CML - a potted history

CML has been developed by Peter Murray-Rust and Henry Rzepa since 1995. It is the de facto XML for chemistry, is accepted by publishers and has more than 1 million lines of Open Source code supporting it. CML can be validated and built into authoring tools (for example the Chemistry Add-in for Microsoft Word).

Inspired and informed by the work of Tim Berners-Lee at CERN, CML's first 'public outing' was in August 1995, at the ACS meeting in Chicago. The primary purpose of CML is (and has always been) to allow humans and machines to communicate chemical concepts without loss of semantic information. The vision is that scientific publications should be represented semantically such that both humans and machines can consume them, again without loss. The only technology capable of managing this at present (and probably for some time to come) is XML. It is widely used in publishing and CML can therefore be technically adopted for any document-like examples such as journals, theses, supplier catalogues, textbooks, regulatory information, input/output from programs etc..

Peter Murray-Rust and Henry Rzepa hard at work

CML under active development in a conducive atmosphere - Peter Murray-Rust and Henry Rzepa hard at work...

Throughout its evolution, CML has been driven by code-design - developing the code in parallel with formal specifications and recommendations (many emanating from the W3C). There is a particular need to validate combinations of elements and attributes, which is impossible to hand-code. Automated methods of validation and code-generation based on the full W2C DOM model proved unwieldy and led to the adoption of the simpler XOM model, which has had a strong influence on the subsequent design. The increasing availability of XPath-based technology has had a major positive effect on the possible flexibility of the organisation of elements and attributes.

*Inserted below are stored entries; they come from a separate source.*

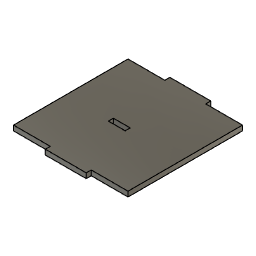
ProjectMiddle (Autodesk Fusion 360 design; units mm, degrees)
Autodesk Fusion 360 part; units mm, degrees
sketch "Sketch1" plane through (0, 0, 0) normal (0, 0, 1) x (1, 0, 0)
  line L0 (0, 0) -> (22, 0)
  line L1 (22, 0) -> (22, -3)
  line L2 (22, -3) -> (46.5, -3)
  line L3 (46.5, -3) -> (46.5, 0)
  line L4 (46.5, 0) -> (68.5, 0)
  line L5 (0, 0) -> (0, 68.5)
  line L6 (0, 68.5) -> (22, 68.5)
  line L7 (22, 68.5) -> (22, 71.5)
  line L8 (22, 71.5) -> (46.5, 71.5)
  line L9 (46.5, 71.5) -> (46.5, 68.5)
  line L10 (46.5, 68.5) -> (68.5, 68.5)
  line L11 (68.5, 68.5) -> (68.5, 0)
  line L12 (26.2767, 30.4485) -> (36.3506, 30.4485)
  line L13 (36.3506, 30.4485) -> (36.3506, 33.4485)
  line L14 (36.3506, 33.4485) -> (26.2767, 33.4485)
  line L15 (26.2767, 33.4485) -> (26.2767, 30.4485)
  dimension "d1" = 22
  dimension "d2" = 3
  dimension "d3" = 24.5
  dimension "d4" = 22
  dimension "d5" = 68.5
  dimension "d6" = 22
  dimension "d7" = 3
  dimension "d8" = 24.5
  dimension "d9" = 3
  dimension "d10" = 22
  dimension "d11" = 3
  constraint coincident L0.start L5.start
  constraint horizontal L0
  constraint perpendicular L0 L1
  constraint perpendicular L1 L2
  constraint perpendicular L2 L3
  constraint perpendicular L3 L4
  constraint vertical L5
  constraint perpendicular L5 L6
  constraint vertical L7
  constraint perpendicular L7 L8
  constraint vertical L9
  constraint perpendicular L9 L10
  constraint perpendicular L4 L11
  constraint horizontal L12
  constraint vertical L13
  constraint horizontal L14
  constraint vertical L15
  measures "d1" distance of L0.start L0.end
  measures "d2" distance of L0.end L1.end
  measures "d3" distance of L1.end L2.end
  measures "d4" distance of L3.end L4.end
  measures "d5" distance of L0.start L5.end
  measures "d6" distance of L5.end L6.end
  measures "d7" distance of L6.end L7.end
  measures "d8" distance of L7.end L8.end
  measures "d9" distance of L8.end L9.end
  measures "d10" distance of L9.end L10.end
  measures "d11" distance of L12.start L14.end
extrude "Extrude1" add sketch "Sketch1" along normal blind 3

However, with increasing deployment to different areas of chemistry, it became clear that it was going to be impossible to find universal content models for most elements. This is due to not only the diversity of chemistry but also the different ways that chemists might wish to organise information. This led to the proposal of an extremely flexible content model, constrained by the use of convention rather than XSD technology. Conventions therefore provide the 'grammar' of CML, with the 'vocabulary' supplied by dictionaries containing well-defined entries with specific associated semantics (a concept modelled on the crystallographic CIF architecture).

The idea of validation lies at the heart of CML. Without validation, the author of a program cannot easily write conformant software if the input is variable; similarly the author cannot know whether an input is fit for purpose. A major purpose of CML is to make sure that all chemical information is validatable and that the rules for this validation are openly visible - this website hosts a validation service and lists all the information (schema specification, dictionaries and conventions) required to write clean compliant CML code. Extension of the CML architecture by sub-communities who wish to develop CML in their own specific area of chemistry (or related science) is now readily achieved through the dictionary/convention mechanism.

Those interested in a more detailed review of the design and evolution of CML should read the article recently (October 2011) published in the Journal of Cheminformatics as part of the Visions of a Semantic Molecular Future thematic issue.